Few-Shot Prompting

Few-shot prompting is a prompt engineering technique where a small number of input-output examples are included in the prompt to demonstrate the desired task behavior. The model performs in-context learning, identifying patterns from the provided demonstrations and applying them to new inputs without any parameter updates or fine-tuning.¹⁾

How It Works

Few-shot prompting leverages the in-context learning capability of large language models.
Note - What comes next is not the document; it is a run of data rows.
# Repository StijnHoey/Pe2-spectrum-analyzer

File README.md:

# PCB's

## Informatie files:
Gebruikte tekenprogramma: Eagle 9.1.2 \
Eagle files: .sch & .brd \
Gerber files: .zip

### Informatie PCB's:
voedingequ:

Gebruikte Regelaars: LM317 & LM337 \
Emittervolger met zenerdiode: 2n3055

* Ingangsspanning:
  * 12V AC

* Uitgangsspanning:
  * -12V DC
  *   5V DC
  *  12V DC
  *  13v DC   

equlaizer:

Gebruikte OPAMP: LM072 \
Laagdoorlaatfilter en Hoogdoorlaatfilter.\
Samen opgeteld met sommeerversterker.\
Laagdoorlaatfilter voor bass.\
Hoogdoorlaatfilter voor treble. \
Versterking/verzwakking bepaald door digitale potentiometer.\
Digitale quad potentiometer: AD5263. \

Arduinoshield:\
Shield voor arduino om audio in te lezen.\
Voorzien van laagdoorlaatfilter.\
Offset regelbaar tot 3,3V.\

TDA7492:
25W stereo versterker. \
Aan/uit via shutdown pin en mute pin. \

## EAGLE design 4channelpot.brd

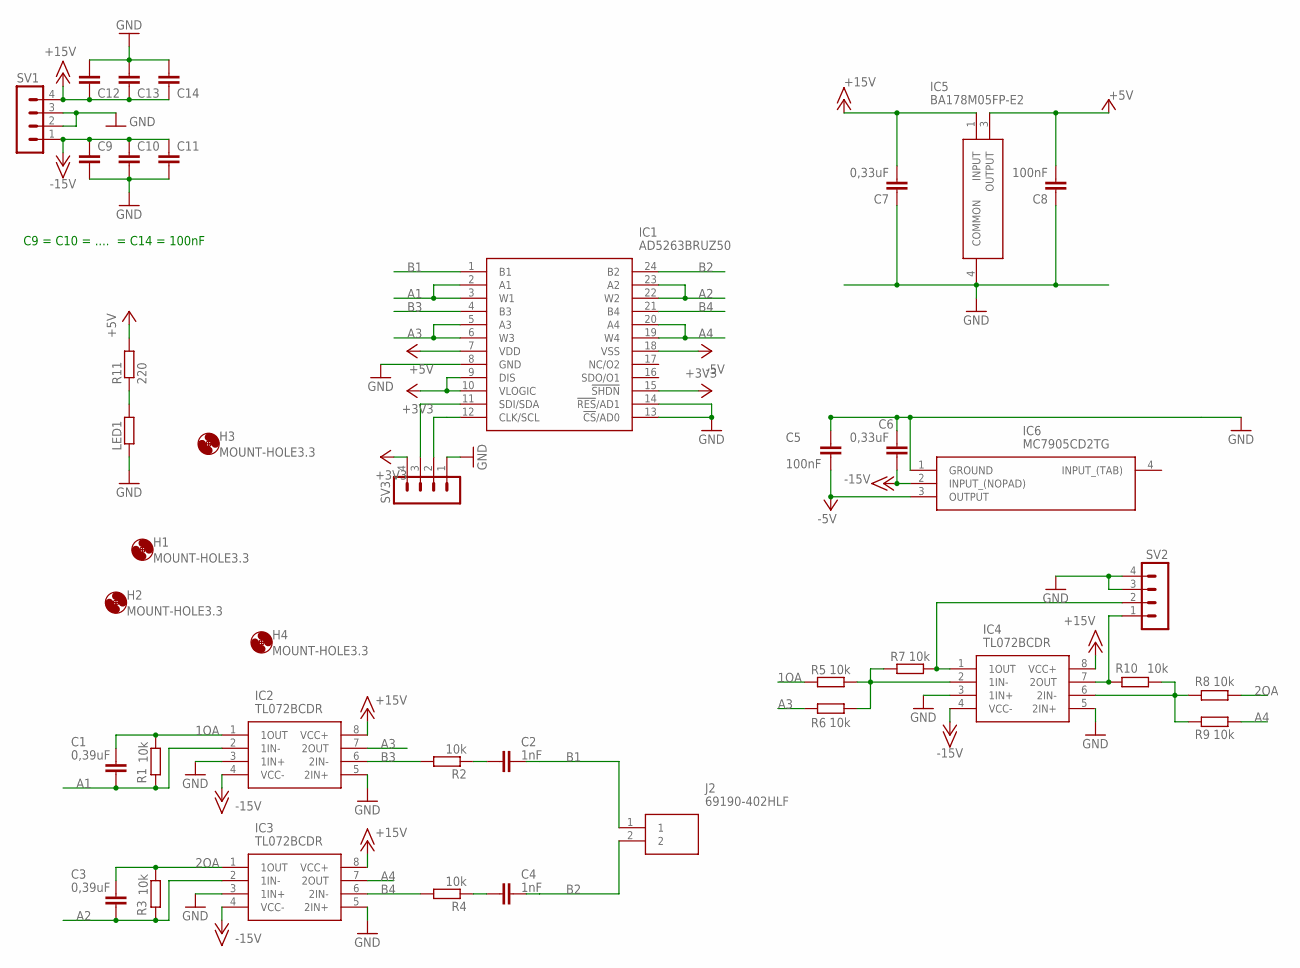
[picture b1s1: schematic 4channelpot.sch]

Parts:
C1, C3: 0,39uF; C0805
C2, C4: 1nF; C0805
C5, C8: 100nF; C0805
C6, C7: 0,33uF; C0805
C9, C10, C11, C12, C13, C14: C-EUC0805; C0805
H1, H2, H3, H4: MOUNT-HOLE3.3; 3,3
IC1: AD5263BRUZ50; SOP65P640X120-24N
IC2, IC3, IC4: TL072BCDR; SOIC127P600X175-8N
IC5: BA178M05FP-E2; BD750L5FPCE2
IC6: MC7905CD2TG; TO254P1420X457-4N
J2: 69190-402HLF; HDRV2W90P0X254_1X2_508X241X858
LED1: R-EU_R0805; R0805
R1, R2, R3, R4, R5, R6, R7, R8, R9, R10: 10k; R0805
R11: 220; R0805
SV1, SV2, SV3: MA04-1

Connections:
1OA: C1.1, IC2.1 (1OUT), R1.2, R5.2
2OA: C3.1, IC3.1 (1OUT), R3.2, R8.2
+3V3: IC1.9 (DIS), IC1.10 (VLOGIC), IC1.15 (!SHDN), SV3.4
+5V: C8.2, IC1.7 (VDD), IC5.3 (OUTPUT), R11.2
+15V: C7.2, C12.1, C13.1, C14.1, IC2.8 (VCC+), IC3.8 (VCC+), IC4.8 (VCC+), IC5.1 (INPUT), SV1.4
-5V: C5.2, IC1.18 (VSS), IC6.3 (OUTPUT)
-15V: C6.2, C9.1, C10.1, C11.1, IC2.4 (VCC-), IC3.4 (VCC-), IC4.4 (VCC-), IC6.2 (INPUT_(NOPAD)), SV1.1
A1: C1.2, IC1.2 (A1), IC1.3 (W1), IC2.2 (1IN-), R1.1
A2: C3.2, IC1.22 (W2), IC1.23 (A2), IC3.2 (1IN-), R3.1
A3: IC1.5 (A3), IC1.6 (W3), IC2.7 (2OUT), R6.2
A4: IC1.19 (W4), IC1.20 (A4), IC3.7 (2OUT), R9.2
B1: C2.1, IC1.1 (B1), J2.1
B2: C4.1, IC1.24 (B2), J2.2
B3: IC1.4 (B3), IC2.6 (2IN-), R2.2
B4: IC1.21 (B4), IC3.6 (2IN-), R4.2
GND: C5.1, C6.1, C7.1, C8.1, C9.2, C10.2, C11.2, C12.2, C13.2, C14.2, IC1.8 (GND), IC1.13 (!CS!/AD0), IC1.14 (!RES!/AD1), IC2.3 (1IN+), IC2.5 (2IN+), IC3.3 (1IN+), IC3.5 (2IN+), IC4.3 (1IN+), IC4.5 (2IN+), IC5.4 (COMMON), IC6.1 (GROUND), LED1.1, SV1.2, SV1.3, SV2.3, SV2.4, SV3.1
unnamed: IC4.2 (1IN-), R5.1, R6.1, R7.2
unnamed: IC4.1 (1OUT), R7.1, SV2.2
unnamed: LED1.2, R11.1
unnamed: C2.2, R2.1
unnamed: IC4.6 (2IN-), R8.1, R9.1, R10.2
unnamed: IC1.11 (SDI/SDA), SV3.3
unnamed: IC1.12 (CLK/SCL), SV3.2
unnamed: C4.2, R4.1
unnamed: IC4.7 (2OUT), R10.1, SV2.1

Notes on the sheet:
C9 = C10 = .... = C14 = 100nF

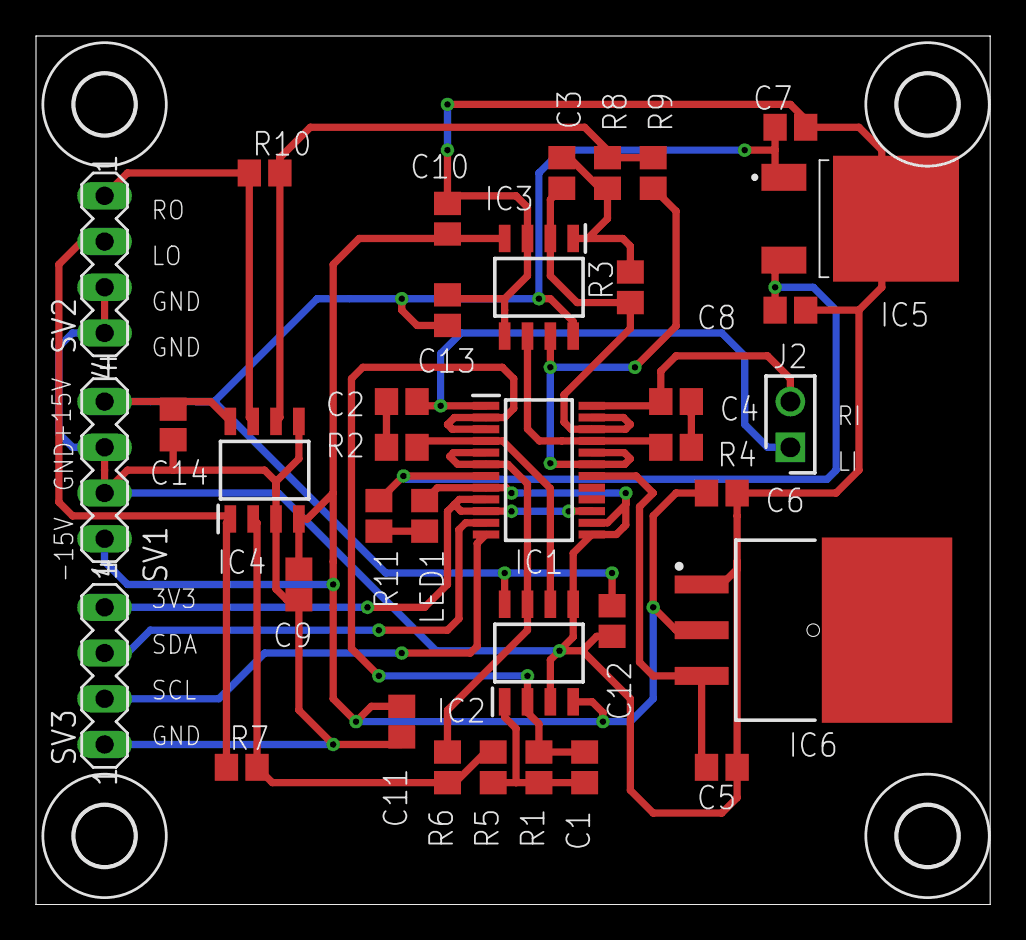
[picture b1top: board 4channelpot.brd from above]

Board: 2 copper layers, 53.0 x 48.2 mm, 40 parts (0 on the bottom side), 25 nets.

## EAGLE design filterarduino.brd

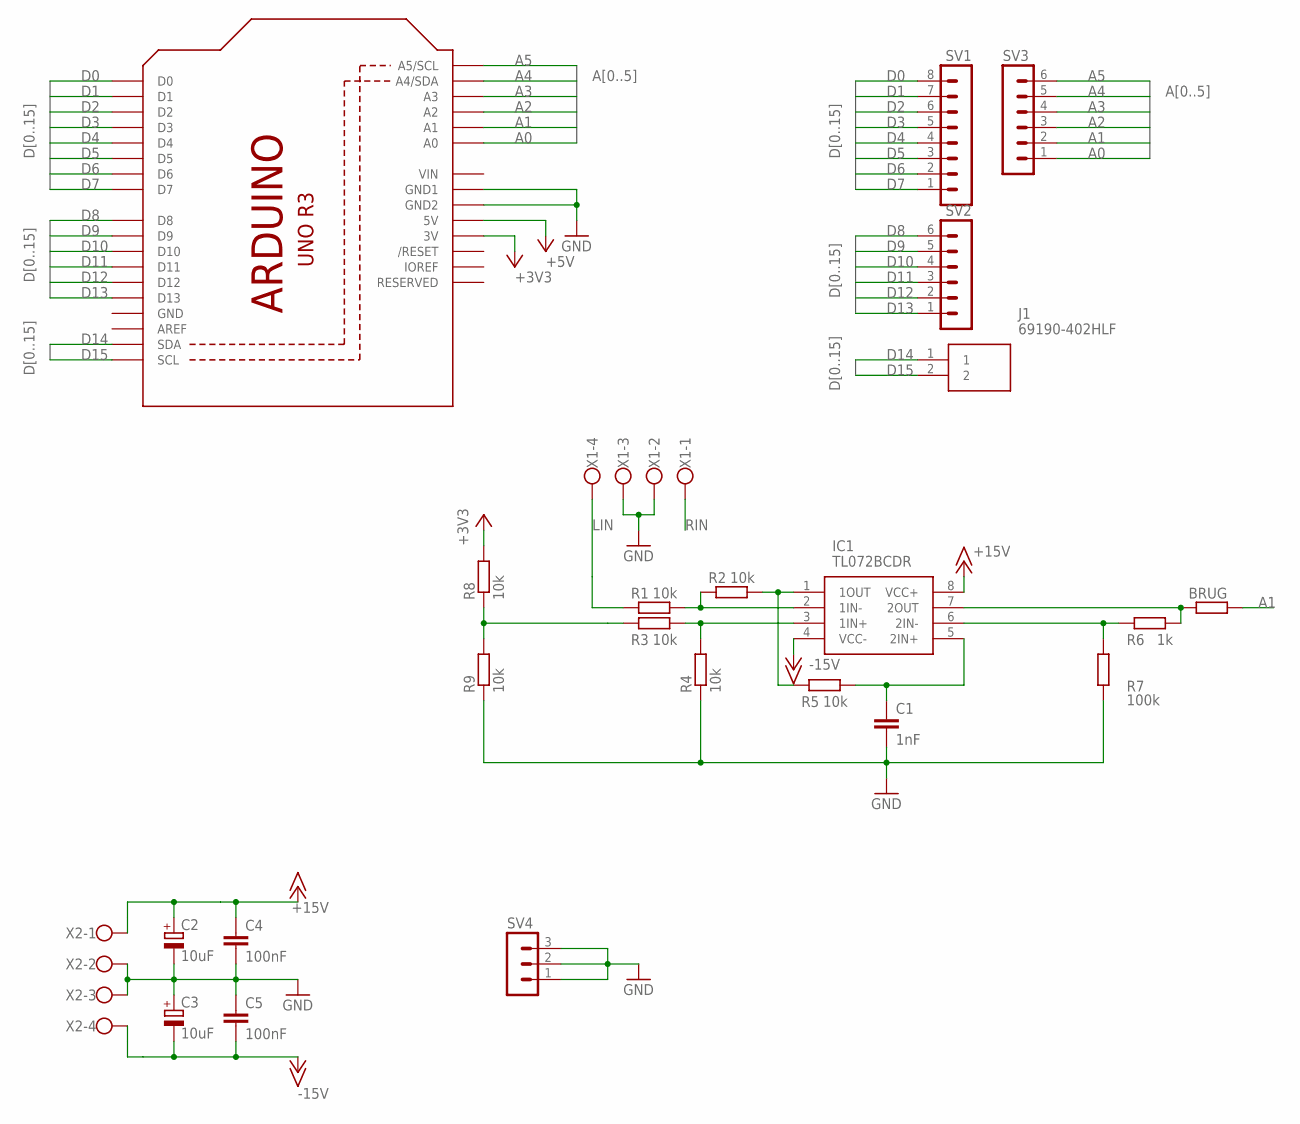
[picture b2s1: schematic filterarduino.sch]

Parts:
BRUG: 0; R0805
C1: 1nF; C0805
C2, C3: 10uF; 153CLV-0505
C4, C5: 100nF; C0805
IC1: TL072BCDR; SOIC127P600X175-8N
J1: 69190-402HLF; HDRV2W90P0X254_1X2_508X241X858
R1, R2, R3, R4, R5, R8, R9: 10k; R0805
R6: 1k; R0805
R7: 100k; R0805
SV1: MA08-1
SV2, SV3: MA06-1
SV4: MA03-1
U1: ARDUINOR3-BPLACE
X1, X2: W237-4

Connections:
+3V3: R8.2, U1.3V
+5V: U1.5V
+15V: C2.+, C4.1, IC1.8 (VCC+), X2.1
-15V: C3.-, C5.2, IC1.4 (VCC-), X2.4
A0: SV3.1, U1.A0
A1: BRUG.2, SV3.2, U1.A1
A2: SV3.3, U1.A2
A3: SV3.4, U1.A3
A4: SV3.5, U1.A4 (A4/SDA)
A5: SV3.6, U1.A5 (A5/SCL)
D0: SV1.8, U1.D0
D1: SV1.7, U1.D1
D2: SV1.6, U1.D2
D3: SV1.5, U1.D3
D4: SV1.4, U1.D4
D5: SV1.3, U1.D5
D6: SV1.2, U1.D6
D7: SV1.1, U1.D7
D8: SV2.6, U1.D8
D9: SV2.5, U1.D9
D10: SV2.4, U1.D10
D11: SV2.3, U1.D11
D12: SV2.2, U1.D12
D13: SV2.1, U1.D13
D14: J1.1, U1.SDA
D15: J1.2, U1.SCL
GND: C1.2, C2.-, C3.+, C4.2, C5.1, R4.1, R7.1, R9.1, SV4.1, SV4.2, SV4.3, U1.GND, U1.GND1, U1.GND2, X1.2, X1.3, X2.2, X2.3
LIN: R1.1, X1.4
unnamed: IC1.2 (1IN-), R1.2, R2.1
unnamed: IC1.3 (1IN+), R3.2, R4.2
unnamed: IC1.1 (1OUT), R2.2, R5.2
unnamed: C1.1, IC1.5 (2IN+), R5.1
unnamed: BRUG.1, IC1.7 (2OUT), R6.2
unnamed: IC1.6 (2IN-), R6.1, R7.2
unnamed: R3.1, R8.1, R9.2
RIN: X1.1
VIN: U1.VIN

The process involves three steps:

Select representative examples: Identify a small number of input-output pairs (typically k=1 to k=5) that demonstrate the task pattern.
Format the prompt: Arrange examples in a consistent, structured format so the model can recognize the input-output mapping.
Run inference: Submit the full prompt (examples + new input) to the model, which generates a response based on the detected patterns.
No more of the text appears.